(Attilio Zorzi) I dati più recenti dell’Osservatorio INPS sulle pensioni 2024–2025 restituiscono l’immagine di un sistema previdenziale imponente ma fragile, sempre più schiacciato da dinamiche demografiche ed economiche sfavorevoli. 

Al 1° gennaio 2025 le pensioni vigenti in Italia sono 17.986.149, per una spesa complessiva annua di 253,9 miliardi di euro. Di queste, il 76,1% è di natura previdenziale mentre il 23,9% assistenziale.

La spesa pensionistica italiana pesa per circa il 16% del PIL, un livello simile ma leggermente superiore a quello della Francia che si attesta intorno al 14,5% ma nettamente superiore a quello della Germania, ferma al 10,6%. Un divario di oltre 5 punti di PIL che colloca l’Italia tra i Paesi avanzati con la maggiore incidenza della spesa previdenziale sull’economia, con quindi rischi per la tenuta del sistema stesso dato l’invecchiamento della popolazione
Eppure, a questa spesa elevata non corrispondono pensioni mediamente elevate: oltre il 53,5% delle prestazioni è inferiore a 750 euro mensili, e circa 4,1 milioni di pensioni beneficiano di integrazioni legate a bassi redditi. Una contraddizione che rivela come il sistema pensionistico italiano svolga sempre più una funzione di ammortizzatore sociale, supplendo alle carenze del welfare e del mercato del lavoro.

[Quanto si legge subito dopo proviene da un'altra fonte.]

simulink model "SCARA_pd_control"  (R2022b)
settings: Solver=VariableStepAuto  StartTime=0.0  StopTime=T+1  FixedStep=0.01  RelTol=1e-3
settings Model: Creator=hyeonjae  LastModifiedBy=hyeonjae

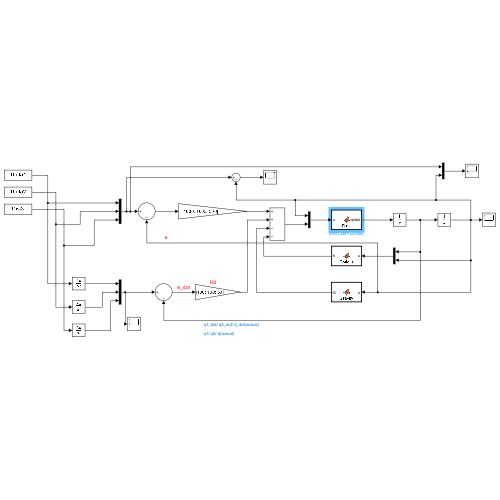
[thumbnail: Simulink's stored preview of the top-level diagram]
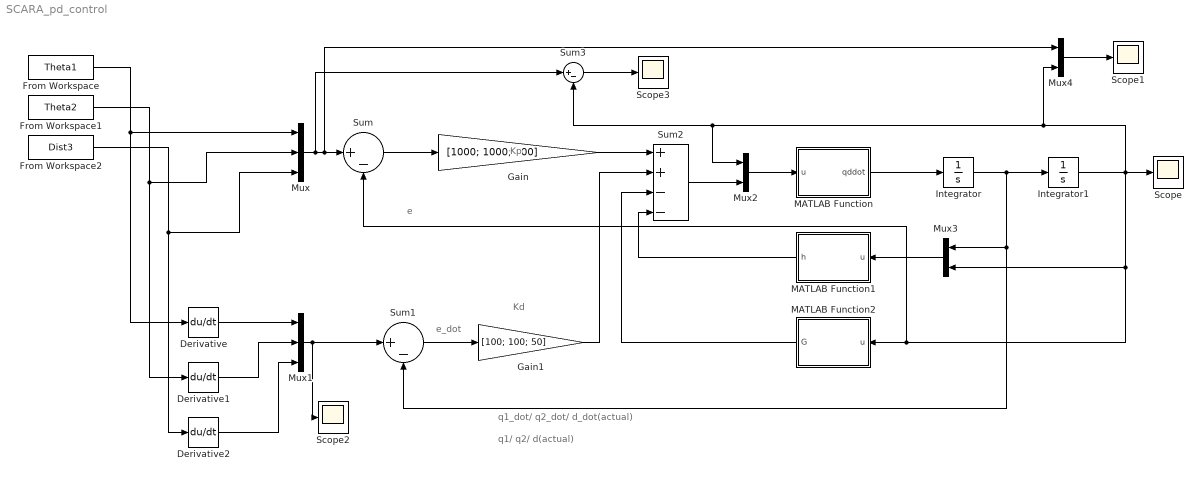
== system SCARA_pd_control ==
  note: Kp
  note: Kd
  note: q1/ q2/ d(actual)
  note: q1_dot/ q2_dot/ d_dot(actual)
  note: e
  note: e_dot
  Derivative : Derivative
  Derivative1 : Derivative
  Derivative2 : Derivative
  From Workspace : FromWorkspace  VariableName=Theta1  SampleTime=0.002
  From Workspace1 : FromWorkspace  VariableName=Theta2  SampleTime=0.002
  From Workspace2 : FromWorkspace  VariableName=Dist3  SampleTime=0.002
  Gain : Gain  Gain=[1000; 1000; 300]
  Gain1 : Gain  Gain=[100; 100; 50]
  Integrator : Integrator  InitialCondition=[0;0;0]
  Integrator1 : Integrator  InitialCondition=[0; 0; 0]
  MATLAB Function : MATLAB Function  TreatAsAtomicUnit=on
  MATLAB Function1 : MATLAB Function  TreatAsAtomicUnit=on
  MATLAB Function2 : MATLAB Function  TreatAsAtomicUnit=on
  Mux : Mux  Inputs=3
  Mux1 : Mux  Inputs=3
  Mux2 : Mux  Inputs=2
  Mux3 : Mux  Inputs=2
  Mux4 : Mux  Inputs=2
  Scope{,1..3} (4 alike) : Scope
  Sum : Sum  Inputs=|+-
  Sum1 : Sum  Inputs=|+-
  Sum2 : Sum  Inputs=++--
  Sum3 : Sum  Inputs=|+-
  wires:
  From Workspace/1 -> Derivative/1, Mux/1
  From Workspace1/1 -> Derivative1/1, Mux/2
  From Workspace2/1 -> Derivative2/1, Mux/3
  Derivative/1 -> Mux1/1
  Derivative1/1 -> Mux1/2
  Derivative2/1 -> Mux1/3
  Mux/1 -> Sum3/1, Mux4/1, Sum/1
  Mux1/1 -> Sum1/1, Scope2/1
  Sum/1 -> Gain/1
  Sum1/1 -> Gain1/1
  Gain1/1 -> Sum2/2
  Gain/1 -> Sum2/1
  Sum2/1 -> Mux2/2
  Mux2/1 -> MATLAB Function/1(u)
  MATLAB Function/1(qddot) -> Integrator/1
  Integrator/1 -> Mux3/1, Sum1/2, Integrator1/1
  Integrator1/1 -> Mux4/2, Sum3/2, Mux2/1, Sum/2, MATLAB Function2/1(u), Mux3/2, Scope/1
  Mux3/1 -> MATLAB Function1/1(u)
  MATLAB Function1/1(h) -> Sum2/4
  MATLAB Function2/1(G) -> Sum2/3
  Mux4/1 -> Scope1/1
  Sum3/1 -> Scope3/1

== matlab function SCARA_pd_control/MATLAB Function ==
  data: u input; qddot output
function qddot = Dinv(u)
m1=1; m2=1; m3=1; l1=1; l2=1;
q1=u(1); q2=u(2); d=u(3);

th1 = q1; th2 = q2;

% U
U11 = [-sin(th1) -cos(th1) 0 -l1*sin(th1); cos(th1) -sin(th1) 0 l1*cos(th1);
        0 0 0 0; 0 0 0 0];
U21 = [-sin(th1+th2) cos(th1+th2) 0 -l1*sin(th1)-l2*sin(th1+th2); 
        cos(th1+th2) sin(th1+th2) 0 l1*cos(th1)+l2*cos(th1+th2); 0 0 0 0; 0 0 0 0];
U22 = [-sin(th1+th2) cos(th1+th2) 0 -l2*sin(th1+th2); 
        cos(th1+th2) sin(th1+th2) 0 l2*cos(th1+th2); 0 0 0 0; 0 0 0 0];
U31 = [-sin(th1+th2) cos(th1+th2) 0 -l1*sin(th1)-l2*sin(th1+th2); 
        cos(th1+th2) sin(th1+th2) 0 l1*cos(th1)+l2*cos(th1+th2); 0 0 0 0; 0 0 0 0];
U32 = [-sin(th1+th2) cos(th1+th2) 0 -l2*sin(th1+th2); 
        cos(th1+th2) sin(th1+th2) 0 l2*cos(th1+th2); 0 0 0 0; 0 0 0 0];
U33 = [0 0 0 0; 0 0 0 0; 0 0 0 -1; 0 0 0 0];
    
% J
J1 = [m1*l1^2/3 0 0 -m1*l1/2; 0 0 0 0; 0 0 0 0; -m1*l1/2 0 0 m1];
J2 = [m2*l2^2/3 0 0 -m2*l2/2; 0 0 0 0; 0 0 0 0; -m2*l2/2 0 0 m2];
J3 = [0 0 0 0; 0 0 0 0; 0 0 m3*d^2/3 -m3*d/2; 0 0 -m3*d/2 m3];

% d
d11 = trace(U11*J1*transpose(U11)) + trace(U21*J2*transpose(U21)) + trace(U31*J3*transpose(U31));  
d12 = trace(U22*J2*transpose(U21)) + trace(U32*J3*transpose(U31)); 
d13 = trace(U33*J3*transpose(U31));
d21 = trace(U21*J2*transpose(U22)) + trace(U31*J3*transpose(U32));
d22 = trace(U22*J2*transpose(U22)) + trace(U32*J3*transpose(U32));
d23 = trace(U33*J3*transpose(U32));
d31 = trace(U31*J3*transpose(U33));
d32 = trace(U32*J3*transpose(U33));
d33 = trace(U33*J3*transpose(U33));

D=[d11 d12 d13; d21 d22 d23; d31 d32 d33];
D_inv= inv(D);
C_input= [u(4); u(5); u(6)];
qddot = (D_inv*C_input);

== matlab function SCARA_pd_control/MATLAB Function2 ==
  data: u input; G output
function G = Gravity(u)

m1=1; m2=1; m3=1; l1=1; l2=1; g=9.8;
q1= u(1); q2=u(2); d=u(3);


th1 = q1; th2 = q2;
% U
U11 = [-sin(th1) -cos(th1) 0 -l1*sin(th1); cos(th1) -sin(th1) 0 l1*cos(th1);
        0 0 0 0; 0 0 0 0];
U21 = [-sin(th1+th2) cos(th1+th2) 0 -l1*sin(th1)-l2*sin(th1+th2); 
        cos(th1+th2) sin(th1+th2) 0 l1*cos(th1)+l2*cos(th1+th2); 0 0 0 0; 0 0 0 0];
U22 = [-sin(th1+th2) cos(th1+th2) 0 -l2*sin(th1+th2); 
        cos(th1+th2) sin(th1+th2) 0 l2*cos(th1+th2); 0 0 0 0; 0 0 0 0];
U31 = [-sin(th1+th2) cos(th1+th2) 0 -l1*sin(th1)-l2*sin(th1+th2); 
        cos(th1+th2) sin(th1+th2) 0 l1*cos(th1)+l2*cos(th1+th2); 0 0 0 0; 0 0 0 0];
U32 = [-sin(th1+th2) cos(th1+th2) 0 -l2*sin(th1+th2); 
        cos(th1+th2) sin(th1+th2) 0 l2*cos(th1+th2); 0 0 0 0; 0 0 0 0];
U33 = [0 0 0 0; 0 0 0 0; 0 0 0 -1; 0 0 0 0];

R11 = [-l1/2; 0; 0; 1]; 
R22 = [-l2/2; 0; 0; 1];   
R33 = [0; 0; -d/2; 1];
g1 = [0 0 -g 0];
g2 = g1;
g3 = [0 0 g 0];
    
G1 = -m1*g1*U11*R11 -m2*g2*U21*R22 -m3*g3*U31*R33;   
G2 = -m2*g2*U22*R22 -m3*g3*U32*R33;   
G3 = -m3*g3*U33*R33;
 
G = [G1; G2; G3];

== matlab function SCARA_pd_control/MATLAB Function1 ==
  data: u input; h output
function h = Coriolis(u)

dotq1=u(1); dotq2=u(2); dotd=u(3); q1=u(4); q2=u(5); d=u(6);
m1=1; m2=1; m3=1; l1=1; l2=1;

th1 = q1; th2 = q2;
th_p1 = dotq1; th_p2 = dotq2;
A01 = [cos(th1) -sin(th1) 0 l1*cos(th1); sin(th1) cos(th1) 0 l1*sin(th1);
            0 0 1 0; 0 0 0 1];
A12 = [cos(th2) sin(th2) 0 l2*cos(th2); sin(th2) -cos(th2) 0 l2*sin(th2);
        0 0 -1 0; 0 0 0 1];
A23 = [1 0 0 0; 0 1 0 0; 0 0 1 d; 0 0 0 1];
A02 = A01*A12;
A13 = A12*A23;
A03 = A01*A12*A23;

Q1 = [0 -1 0 0; 1 0 0 0; 0 0 0 0; 0 0 0 0]; Q2 = Q1;
Q3 = [0 0 0 0; 0 0 0 0; 0 0 0 1; 0 0 0 0];


% U
U11 = [-sin(th1) -cos(th1) 0 -l1*sin(th1); cos(th1) -sin(th1) 0 l1*cos(th1);
        0 0 0 0; 0 0 0 0];
U21 = [-sin(th1+th2) cos(th1+th2) 0 -l1*sin(th1)-l2*sin(th1+th2); 
        cos(th1+th2) sin(th1+th2) 0 l1*cos(th1)+l2*cos(th1+th2); 0 0 0 0; 0 0 0 0];
U22 = [-sin(th1+th2) cos(th1+th2) 0 -l2*sin(th1+th2); 
        cos(th1+th2) sin(th1+th2) 0 l2*cos(th1+th2); 0 0 0 0; 0 0 0 0];
U31 = [-sin(th1+th2) cos(th1+th2) 0 -l1*sin(th1)-l2*sin(th1+th2); 
        cos(th1+th2) sin(th1+th2) 0 l1*cos(th1)+l2*cos(th1+th2); 0 0 0 0; 0 0 0 0];
U32 = [-sin(th1+th2) cos(th1+th2) 0 -l2*sin(th1+th2); 
        cos(th1+th2) sin(th1+th2) 0 l2*cos(th1+th2); 0 0 0 0; 0 0 0 0];
U33 = [0 0 0 0; 0 0 0 0; 0 0 0 -1; 0 0 0 0];

% U - 3
U111 = Q1*Q1*A01;
U211 = Q1*Q1*A02;
U212 = Q1*A01*Q2*A12;
U221 = Q1*A01*Q2*A12;
U222 = A01*Q2*Q2*A12;
U311 = Q1*Q1*A03;
U312 = Q1*A01*Q2*A13;
U321 = Q1*A01*Q2*A13;
U322 = A01*Q2*Q2*A13;

% J
J1 = [m1*l1^2/3 0 0 -m1*l1/2; 0 0 0 0; 0 0 0 0; -m1*l1/2 0 0 m1];
J2 = [m2*l2^2/3 0 0 -m2*l2/2; 0 0 0 0; 0 0 0 0; -m2*l2/2 0 0 m2];
J3 = [0 0 0 0; 0 0 0 0; 0 0 m3*d^2/3 -m3*d/2; 0 0 -m3*d/2 m3];

% h1
H111 = trace(U111*J1*transpose(U11)) + trace(U211*J2*transpose(U21)) + trace(U311*J3*transpose(U31));
H112 = trace(U212*J2*transpose(U21)) + trace(U312*J3*transpose(U31));
H121 = trace(U221*J2*transpose(U21)) + trace(U321*J3*transpose(U31));
H122 = trace(U222*J2*transpose(U21)) + trace(U322*J3*transpose(U31));
h1 = H111*th_p1*th_p1 + H112*th_p1*th_p2 + H121*th_p2*th_p1 + H122*th_p2*th_p2;

% h2 
H211 = trace(U211*J2*transpose(U22)) + trace(U311*J3*transpose(U32));
H212 = trace(U212*J2*transpose(U22)) + trace(U312*J3*transpose(U32));
H221 = trace(U221*J2*transpose(U22)) + trace(U321*J3*transpose(U32));
H222 = trace(U222*J2*transpose(U22)) + trace(U322*J3*transpose(U32));
h2 = H211*th_p1*th_p1 + H212*th_p1*th_p2 + H221*th_p2*th_p1 + H222*th_p2*th_p2;

% h3
h3 = 0;

h = [h1; h2; h3];

Secondo l’OCSE, l’invecchiamento demografico rappresenta una sfida con profonde conseguenze economiche, fiscali e sociali, soprattutto nei Paesi Occidentali con economie mature, come l’Italia, caratterizzati da una crescita debole e da un mercato del lavoro fragile.
Il problema italiano è aggravato dal fatto che l’invecchiamento procede più velocemente rispetto ad altri Paesi avanzati. Secondo il CNEL, nei prossimi 10 anni la popolazione in età lavorativa (15–74 anni) diminuirà di circa 3 milioni di persone, mentre entro il 2050 il Paese perderà oltre 8 milioni di lavoratori.

anziani



La quota di popolazione over 65 passerà dal 25% attuale al 34% entro il 2050.
In sostanza, l’Italia passerà da un quarto a un terzo di popolazione anziana, segno di grande difficoltà all’interno del nostro Paese. Parallelamente, la spesa pubblica complessiva per pensioni, sanità e long-term care è destinata ad aumentare di circa 2 punti percentuali di PIL, dal 23% al 25%.


Per garantire la sostenibilità dei sistemi previdenziali e promuovere la crescita, l’OCSE indica due strade principali: innalzare l’età pensionabile effettiva e ampliare le opportunità di lavoro per i lavoratori più anziani, cercando al contempo di incentivare le nascite
Tuttavia il problema del crollo della natalità non è semplice da risolvere, sia perché è l’effetto di decenni di smantellamento dello Stato sociale e di politiche individualiste e post storiche, sia perché comunque anche politiche pronataliste, pur necessarie, non possono risolvere la crisi nel breve  periodo. Infatti, anche se le nascite aumentassero oggi, i benefici sul mercato del lavoro si vedrebbero solo tra vent’anni.

Nel frattempo, invece, l’Italia potrebbe agire su un potenziale ancora inutilizzato: i bassi tassi di occupazione di giovani under 35 e delle donne. Ma per farlo servirebbero investimenti in settori dove il Paese spende poco, ossia conciliazione tra lavoro e famiglia, servizi per l’infanzia, politiche scolastiche e formative contro l’abbandono precoce e politiche del lavoro per l’invecchiamento attivo
In sostanza si tratta di una nuova agenda di welfare, che dovrebbe essere ridisegnato nel medio termine, perché altrimenti é difficile garantire la sostenibilità. 

Il risultato di questa situazione è un sistema iniquo, che chiede agli anziani di lavorare più a lungo, ai giovani di aspettare o emigrare, e allo Stato di spendere sempre di più senza costruire basi solide per il futuro.
La crisi delle pensioni, in Italia, non è solo un problema previdenziale: è la spia di una crisi di modello economico e sociale che continua a rinviare le scelte strutturali, scaricandone il costo sulle generazioni future, motivo per cui bisogna agire adesso e con i fatti, non con le parole.